_Given information_:
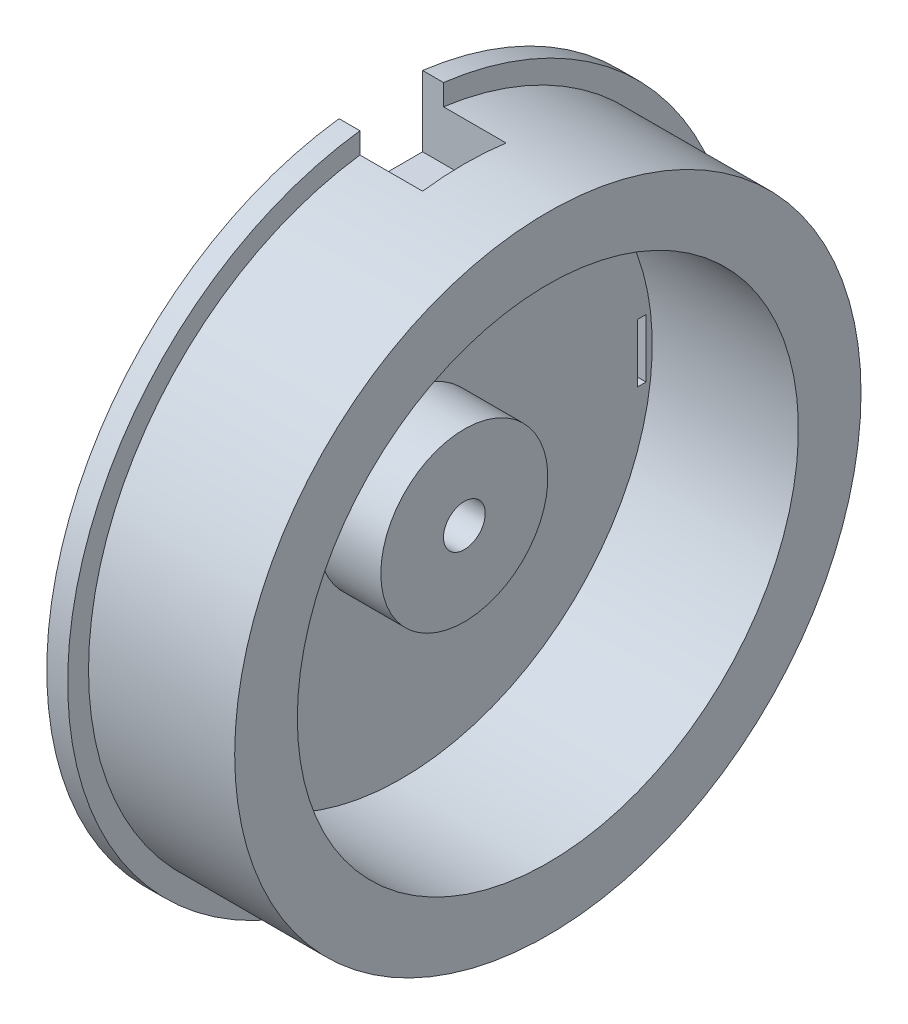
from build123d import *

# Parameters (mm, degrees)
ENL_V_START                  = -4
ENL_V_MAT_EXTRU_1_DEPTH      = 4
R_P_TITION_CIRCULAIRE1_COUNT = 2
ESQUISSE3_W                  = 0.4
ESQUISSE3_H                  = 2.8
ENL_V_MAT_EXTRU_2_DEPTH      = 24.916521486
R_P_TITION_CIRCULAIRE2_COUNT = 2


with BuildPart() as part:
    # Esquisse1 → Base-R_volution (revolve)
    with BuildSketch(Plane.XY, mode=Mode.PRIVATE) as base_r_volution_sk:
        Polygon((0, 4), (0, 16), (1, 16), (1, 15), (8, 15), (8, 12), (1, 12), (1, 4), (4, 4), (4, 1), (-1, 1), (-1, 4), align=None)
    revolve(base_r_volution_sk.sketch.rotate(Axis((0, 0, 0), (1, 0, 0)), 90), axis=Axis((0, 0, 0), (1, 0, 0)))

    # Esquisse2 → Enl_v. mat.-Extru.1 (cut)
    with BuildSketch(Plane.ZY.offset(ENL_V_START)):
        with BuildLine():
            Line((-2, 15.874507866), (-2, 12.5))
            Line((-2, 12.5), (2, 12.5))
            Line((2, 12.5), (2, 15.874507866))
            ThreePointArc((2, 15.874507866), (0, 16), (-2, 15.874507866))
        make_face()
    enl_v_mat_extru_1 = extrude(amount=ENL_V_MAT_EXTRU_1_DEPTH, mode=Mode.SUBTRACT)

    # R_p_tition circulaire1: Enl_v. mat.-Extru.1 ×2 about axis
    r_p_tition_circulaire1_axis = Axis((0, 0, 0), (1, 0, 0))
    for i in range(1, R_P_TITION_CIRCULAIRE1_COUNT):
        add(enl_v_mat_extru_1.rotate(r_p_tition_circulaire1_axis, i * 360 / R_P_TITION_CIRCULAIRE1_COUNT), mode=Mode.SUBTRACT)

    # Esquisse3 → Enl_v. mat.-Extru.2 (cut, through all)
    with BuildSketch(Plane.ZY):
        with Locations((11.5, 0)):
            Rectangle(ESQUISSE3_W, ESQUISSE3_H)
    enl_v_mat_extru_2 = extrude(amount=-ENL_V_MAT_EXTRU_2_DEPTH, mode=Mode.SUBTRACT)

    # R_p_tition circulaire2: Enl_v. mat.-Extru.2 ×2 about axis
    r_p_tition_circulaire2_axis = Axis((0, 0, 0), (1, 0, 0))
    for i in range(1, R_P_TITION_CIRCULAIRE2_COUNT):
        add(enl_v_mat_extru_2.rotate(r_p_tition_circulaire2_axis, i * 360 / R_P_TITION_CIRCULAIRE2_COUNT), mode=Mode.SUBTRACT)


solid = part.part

_What is needed_: Your task is to show every line of the listing above containing "about".

_Task answer_:
    # R_p_tition circulaire1: Enl_v. mat.-Extru.1 ×2 about axis
    # R_p_tition circulaire2: Enl_v. mat.-Extru.2 ×2 about axis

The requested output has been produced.